YOUR INSTRUCTIONS
Only the lines from the one that contains "# Sketch1 → Boss-Extrude1 (new, symmetric)" through the final line of the entries should be repeated, exactly as written.

Stored data entries:
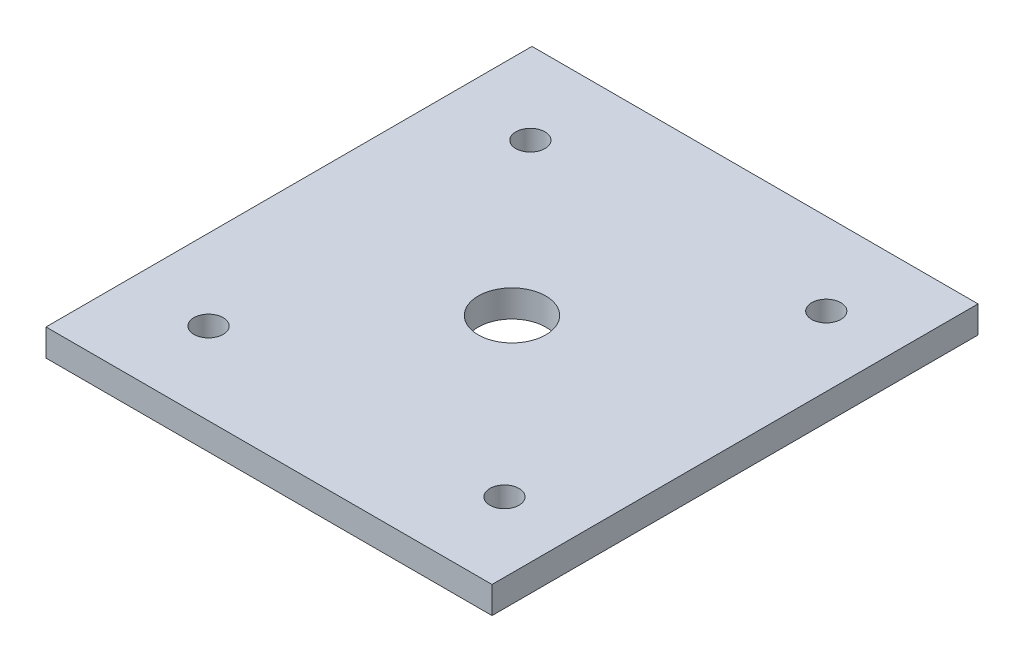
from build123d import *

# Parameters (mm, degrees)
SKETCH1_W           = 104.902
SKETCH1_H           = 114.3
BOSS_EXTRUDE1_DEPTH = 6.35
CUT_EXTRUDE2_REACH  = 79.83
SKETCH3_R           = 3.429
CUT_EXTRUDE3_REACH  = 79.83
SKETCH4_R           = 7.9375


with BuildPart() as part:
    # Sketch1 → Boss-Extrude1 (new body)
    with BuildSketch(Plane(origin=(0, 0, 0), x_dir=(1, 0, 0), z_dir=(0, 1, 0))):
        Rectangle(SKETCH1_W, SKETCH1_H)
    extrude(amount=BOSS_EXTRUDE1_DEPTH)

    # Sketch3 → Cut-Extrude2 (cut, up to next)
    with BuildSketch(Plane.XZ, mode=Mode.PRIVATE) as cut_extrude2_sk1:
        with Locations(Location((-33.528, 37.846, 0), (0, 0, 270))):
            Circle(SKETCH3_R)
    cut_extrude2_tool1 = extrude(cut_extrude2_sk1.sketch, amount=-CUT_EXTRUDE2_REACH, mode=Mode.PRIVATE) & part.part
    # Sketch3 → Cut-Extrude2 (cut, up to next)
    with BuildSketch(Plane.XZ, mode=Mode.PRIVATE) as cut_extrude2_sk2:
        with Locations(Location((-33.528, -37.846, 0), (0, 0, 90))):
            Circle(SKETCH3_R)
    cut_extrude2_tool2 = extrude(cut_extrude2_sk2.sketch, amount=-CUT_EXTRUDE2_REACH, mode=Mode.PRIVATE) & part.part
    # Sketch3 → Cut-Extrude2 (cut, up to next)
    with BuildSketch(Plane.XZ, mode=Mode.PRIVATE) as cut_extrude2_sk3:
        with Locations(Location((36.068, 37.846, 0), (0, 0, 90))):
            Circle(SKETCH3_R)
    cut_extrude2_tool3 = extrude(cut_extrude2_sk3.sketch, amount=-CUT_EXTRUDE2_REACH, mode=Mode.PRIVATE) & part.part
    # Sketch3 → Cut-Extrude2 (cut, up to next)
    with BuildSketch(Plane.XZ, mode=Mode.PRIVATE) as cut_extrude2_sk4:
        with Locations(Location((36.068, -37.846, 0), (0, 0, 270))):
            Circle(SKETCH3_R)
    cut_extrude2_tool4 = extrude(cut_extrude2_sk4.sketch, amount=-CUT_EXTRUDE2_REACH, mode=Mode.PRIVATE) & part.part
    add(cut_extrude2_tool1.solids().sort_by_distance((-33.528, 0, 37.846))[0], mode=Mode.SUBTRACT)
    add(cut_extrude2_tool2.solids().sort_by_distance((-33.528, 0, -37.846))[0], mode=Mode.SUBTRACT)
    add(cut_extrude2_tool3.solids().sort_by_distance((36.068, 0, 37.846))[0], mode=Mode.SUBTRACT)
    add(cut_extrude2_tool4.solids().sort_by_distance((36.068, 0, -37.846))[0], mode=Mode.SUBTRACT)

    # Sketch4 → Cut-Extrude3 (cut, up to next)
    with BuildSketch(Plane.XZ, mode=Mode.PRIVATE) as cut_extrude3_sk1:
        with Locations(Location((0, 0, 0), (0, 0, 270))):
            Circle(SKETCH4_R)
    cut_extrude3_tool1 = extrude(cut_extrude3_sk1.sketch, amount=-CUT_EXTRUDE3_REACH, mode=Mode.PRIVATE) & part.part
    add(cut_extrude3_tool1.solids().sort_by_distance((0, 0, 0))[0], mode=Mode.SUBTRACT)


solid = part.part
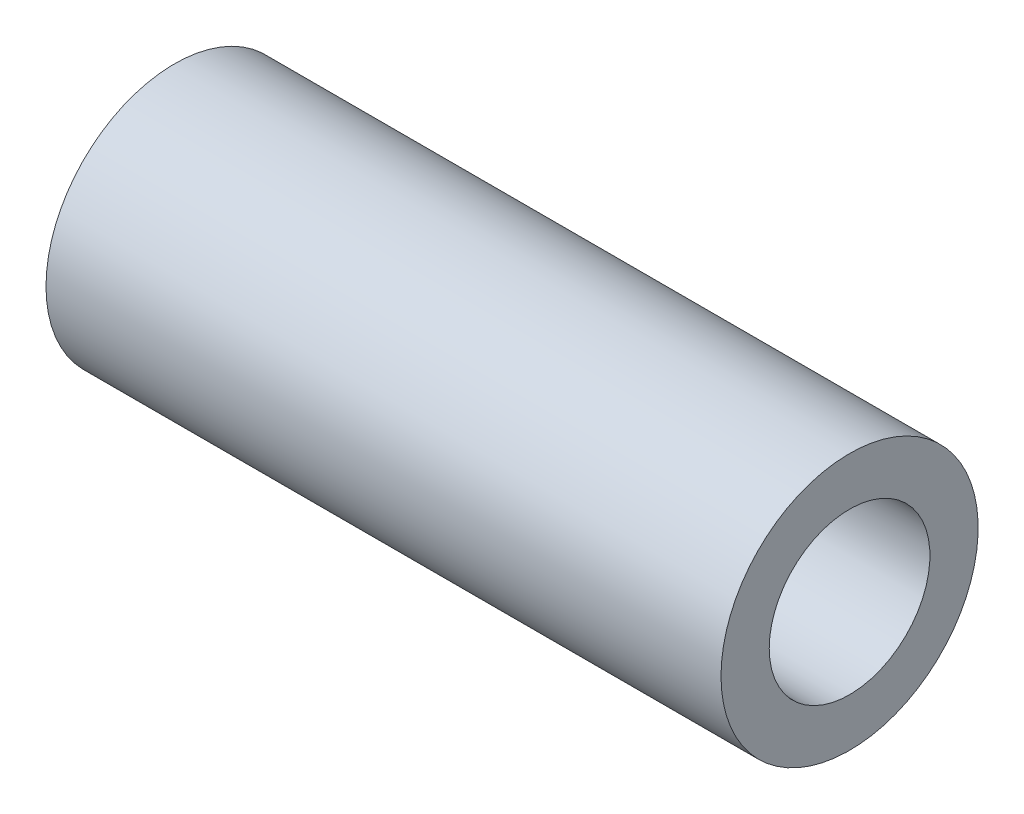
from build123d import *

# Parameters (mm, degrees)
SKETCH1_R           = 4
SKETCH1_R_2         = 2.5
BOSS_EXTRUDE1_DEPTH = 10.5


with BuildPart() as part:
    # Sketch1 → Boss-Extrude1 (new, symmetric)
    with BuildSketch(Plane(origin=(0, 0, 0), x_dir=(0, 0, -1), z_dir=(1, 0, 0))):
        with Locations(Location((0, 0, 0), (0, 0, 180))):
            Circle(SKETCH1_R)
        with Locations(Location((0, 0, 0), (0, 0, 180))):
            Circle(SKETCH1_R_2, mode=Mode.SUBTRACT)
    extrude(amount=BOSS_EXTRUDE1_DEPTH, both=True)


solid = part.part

EXERCISE ANSWER
    # Sketch1 → Boss-Extrude1 (new, symmetric)
    with BuildSketch(Plane(origin=(0, 0, 0), x_dir=(0, 0, -1), z_dir=(1, 0, 0))):
        with Locations(Location((0, 0, 0), (0, 0, 180))):
            Circle(SKETCH1_R)
        with Locations(Location((0, 0, 0), (0, 0, 180))):
            Circle(SKETCH1_R_2, mode=Mode.SUBTRACT)
    extrude(amount=BOSS_EXTRUDE1_DEPTH, both=True)


solid = part.part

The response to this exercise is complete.